**INPUT DATA:**
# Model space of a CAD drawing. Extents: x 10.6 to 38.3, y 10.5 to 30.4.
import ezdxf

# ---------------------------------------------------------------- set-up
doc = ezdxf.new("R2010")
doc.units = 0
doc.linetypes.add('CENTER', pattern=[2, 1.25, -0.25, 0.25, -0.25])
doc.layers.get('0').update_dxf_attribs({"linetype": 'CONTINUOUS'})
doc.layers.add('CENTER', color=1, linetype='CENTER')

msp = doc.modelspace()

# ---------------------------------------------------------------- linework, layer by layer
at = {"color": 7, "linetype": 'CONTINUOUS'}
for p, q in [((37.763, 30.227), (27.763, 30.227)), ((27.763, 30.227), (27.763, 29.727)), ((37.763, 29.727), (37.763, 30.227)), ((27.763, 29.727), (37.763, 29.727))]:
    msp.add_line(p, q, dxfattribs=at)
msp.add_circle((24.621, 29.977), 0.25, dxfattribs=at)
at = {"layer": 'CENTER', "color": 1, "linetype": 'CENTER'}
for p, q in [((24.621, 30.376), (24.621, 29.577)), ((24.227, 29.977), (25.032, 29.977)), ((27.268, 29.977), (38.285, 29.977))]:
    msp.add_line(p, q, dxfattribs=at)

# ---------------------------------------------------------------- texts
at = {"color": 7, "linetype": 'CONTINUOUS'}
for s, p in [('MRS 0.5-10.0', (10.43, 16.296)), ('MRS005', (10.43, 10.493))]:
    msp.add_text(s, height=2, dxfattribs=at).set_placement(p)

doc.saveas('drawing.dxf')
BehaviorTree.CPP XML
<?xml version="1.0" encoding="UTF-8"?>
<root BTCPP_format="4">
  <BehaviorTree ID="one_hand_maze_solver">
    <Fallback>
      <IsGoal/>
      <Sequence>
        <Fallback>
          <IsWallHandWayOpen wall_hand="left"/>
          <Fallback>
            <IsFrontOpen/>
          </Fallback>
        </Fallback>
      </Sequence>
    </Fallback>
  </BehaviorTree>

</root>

**HOW TO COMPLETE THIS TASK:** Find the lines in the data that include "dxfattribs", then copy each of them.

**OUTPUT:**
    msp.add_line(p, q, dxfattribs=at)
msp.add_circle((24.621, 29.977), 0.25, dxfattribs=at)
    msp.add_line(p, q, dxfattribs=at)
    msp.add_text(s, height=2, dxfattribs=at).set_placement(p)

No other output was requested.